#### Exercise prompt
Where a line contains the word "mxGraphModel", copy that line from the records below.

#### Given entries

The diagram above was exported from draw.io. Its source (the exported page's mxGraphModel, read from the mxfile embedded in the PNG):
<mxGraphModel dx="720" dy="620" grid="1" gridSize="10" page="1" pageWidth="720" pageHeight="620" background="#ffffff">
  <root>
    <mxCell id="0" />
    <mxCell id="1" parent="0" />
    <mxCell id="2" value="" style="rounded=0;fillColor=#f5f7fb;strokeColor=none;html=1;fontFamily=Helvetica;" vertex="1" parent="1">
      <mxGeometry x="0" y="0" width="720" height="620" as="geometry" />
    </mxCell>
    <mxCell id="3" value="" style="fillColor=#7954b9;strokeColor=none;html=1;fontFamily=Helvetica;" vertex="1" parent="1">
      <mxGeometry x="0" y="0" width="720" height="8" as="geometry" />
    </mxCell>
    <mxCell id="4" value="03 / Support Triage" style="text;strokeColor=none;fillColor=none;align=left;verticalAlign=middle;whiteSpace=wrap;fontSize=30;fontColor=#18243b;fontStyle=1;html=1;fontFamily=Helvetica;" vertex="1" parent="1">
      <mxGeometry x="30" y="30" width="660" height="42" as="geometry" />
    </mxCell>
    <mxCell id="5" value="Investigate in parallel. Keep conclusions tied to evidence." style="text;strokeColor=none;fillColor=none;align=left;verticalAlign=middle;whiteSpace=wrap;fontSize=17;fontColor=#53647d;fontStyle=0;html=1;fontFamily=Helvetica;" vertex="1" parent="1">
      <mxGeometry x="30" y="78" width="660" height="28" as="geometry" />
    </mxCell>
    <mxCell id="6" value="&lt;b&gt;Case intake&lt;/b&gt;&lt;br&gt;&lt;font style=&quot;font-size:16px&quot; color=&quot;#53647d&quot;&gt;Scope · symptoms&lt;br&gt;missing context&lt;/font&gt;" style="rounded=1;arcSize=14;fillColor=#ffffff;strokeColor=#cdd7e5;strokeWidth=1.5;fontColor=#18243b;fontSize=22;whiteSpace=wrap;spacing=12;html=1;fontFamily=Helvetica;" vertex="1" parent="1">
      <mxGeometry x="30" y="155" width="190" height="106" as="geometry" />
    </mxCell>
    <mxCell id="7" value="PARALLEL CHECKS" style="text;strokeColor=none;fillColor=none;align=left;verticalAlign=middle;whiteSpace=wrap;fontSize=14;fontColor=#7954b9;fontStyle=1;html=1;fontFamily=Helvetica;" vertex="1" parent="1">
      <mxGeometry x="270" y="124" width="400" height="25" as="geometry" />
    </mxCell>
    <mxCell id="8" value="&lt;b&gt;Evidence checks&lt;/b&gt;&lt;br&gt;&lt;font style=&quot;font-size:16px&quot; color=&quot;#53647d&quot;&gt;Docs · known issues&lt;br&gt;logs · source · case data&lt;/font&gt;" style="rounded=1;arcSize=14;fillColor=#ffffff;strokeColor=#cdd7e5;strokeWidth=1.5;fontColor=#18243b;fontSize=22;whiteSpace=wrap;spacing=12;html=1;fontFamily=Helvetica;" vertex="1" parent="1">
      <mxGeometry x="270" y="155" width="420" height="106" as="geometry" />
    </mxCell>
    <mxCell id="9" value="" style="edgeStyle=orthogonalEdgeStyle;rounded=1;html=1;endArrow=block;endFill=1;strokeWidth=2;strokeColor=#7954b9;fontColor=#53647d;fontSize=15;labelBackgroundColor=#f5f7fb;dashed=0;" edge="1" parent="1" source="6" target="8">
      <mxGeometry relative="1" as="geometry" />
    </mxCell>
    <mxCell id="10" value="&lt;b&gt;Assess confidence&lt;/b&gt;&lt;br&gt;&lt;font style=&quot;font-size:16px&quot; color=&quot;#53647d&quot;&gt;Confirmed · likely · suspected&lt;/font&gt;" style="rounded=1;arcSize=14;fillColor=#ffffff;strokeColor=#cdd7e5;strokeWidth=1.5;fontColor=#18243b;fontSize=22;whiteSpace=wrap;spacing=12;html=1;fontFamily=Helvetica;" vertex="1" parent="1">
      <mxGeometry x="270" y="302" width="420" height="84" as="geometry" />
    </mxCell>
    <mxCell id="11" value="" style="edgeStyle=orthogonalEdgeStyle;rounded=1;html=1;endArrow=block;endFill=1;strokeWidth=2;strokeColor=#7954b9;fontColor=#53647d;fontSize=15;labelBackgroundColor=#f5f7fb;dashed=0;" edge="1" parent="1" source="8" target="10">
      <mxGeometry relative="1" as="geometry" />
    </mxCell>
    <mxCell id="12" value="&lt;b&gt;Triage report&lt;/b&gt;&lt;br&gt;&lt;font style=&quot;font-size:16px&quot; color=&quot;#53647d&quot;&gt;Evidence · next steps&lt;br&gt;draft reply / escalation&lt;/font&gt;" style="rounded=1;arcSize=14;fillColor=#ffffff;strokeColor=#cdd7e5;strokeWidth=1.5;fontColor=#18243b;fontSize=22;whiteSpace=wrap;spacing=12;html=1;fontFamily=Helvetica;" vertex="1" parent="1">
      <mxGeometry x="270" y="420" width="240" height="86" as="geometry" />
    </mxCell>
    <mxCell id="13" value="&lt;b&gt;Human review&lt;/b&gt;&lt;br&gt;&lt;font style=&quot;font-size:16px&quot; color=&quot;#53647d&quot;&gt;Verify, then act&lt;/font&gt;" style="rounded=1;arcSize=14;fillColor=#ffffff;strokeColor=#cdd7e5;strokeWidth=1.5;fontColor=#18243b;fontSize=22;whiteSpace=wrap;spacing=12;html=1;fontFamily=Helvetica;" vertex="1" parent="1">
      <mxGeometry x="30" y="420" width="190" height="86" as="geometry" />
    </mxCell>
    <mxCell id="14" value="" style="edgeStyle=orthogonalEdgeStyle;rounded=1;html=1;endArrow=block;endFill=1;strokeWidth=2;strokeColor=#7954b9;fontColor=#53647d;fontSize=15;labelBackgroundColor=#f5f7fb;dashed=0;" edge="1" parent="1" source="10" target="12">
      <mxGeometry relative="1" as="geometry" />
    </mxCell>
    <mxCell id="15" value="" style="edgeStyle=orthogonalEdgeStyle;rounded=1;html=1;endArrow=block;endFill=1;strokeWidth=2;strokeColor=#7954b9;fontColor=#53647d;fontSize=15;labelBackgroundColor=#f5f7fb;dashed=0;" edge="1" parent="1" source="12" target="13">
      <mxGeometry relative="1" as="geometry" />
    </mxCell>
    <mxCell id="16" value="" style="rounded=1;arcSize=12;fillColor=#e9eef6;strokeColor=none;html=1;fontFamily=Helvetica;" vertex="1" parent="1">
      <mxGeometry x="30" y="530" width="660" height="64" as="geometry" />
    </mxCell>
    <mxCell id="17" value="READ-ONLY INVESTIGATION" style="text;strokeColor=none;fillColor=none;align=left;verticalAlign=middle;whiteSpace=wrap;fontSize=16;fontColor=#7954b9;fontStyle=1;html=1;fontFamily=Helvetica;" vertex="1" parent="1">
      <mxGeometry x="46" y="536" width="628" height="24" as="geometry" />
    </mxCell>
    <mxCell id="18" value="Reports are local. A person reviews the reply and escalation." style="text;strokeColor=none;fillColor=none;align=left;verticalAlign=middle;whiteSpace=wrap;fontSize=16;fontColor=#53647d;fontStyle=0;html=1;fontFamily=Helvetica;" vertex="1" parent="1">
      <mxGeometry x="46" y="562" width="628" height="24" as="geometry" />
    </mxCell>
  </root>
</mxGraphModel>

#### Exercise output
The diagram above was exported from draw.io. Its source (the exported page's mxGraphModel, read from the mxfile embedded in the PNG):
<mxGraphModel dx="720" dy="620" grid="1" gridSize="10" page="1" pageWidth="720" pageHeight="620" background="#ffffff">
</mxGraphModel>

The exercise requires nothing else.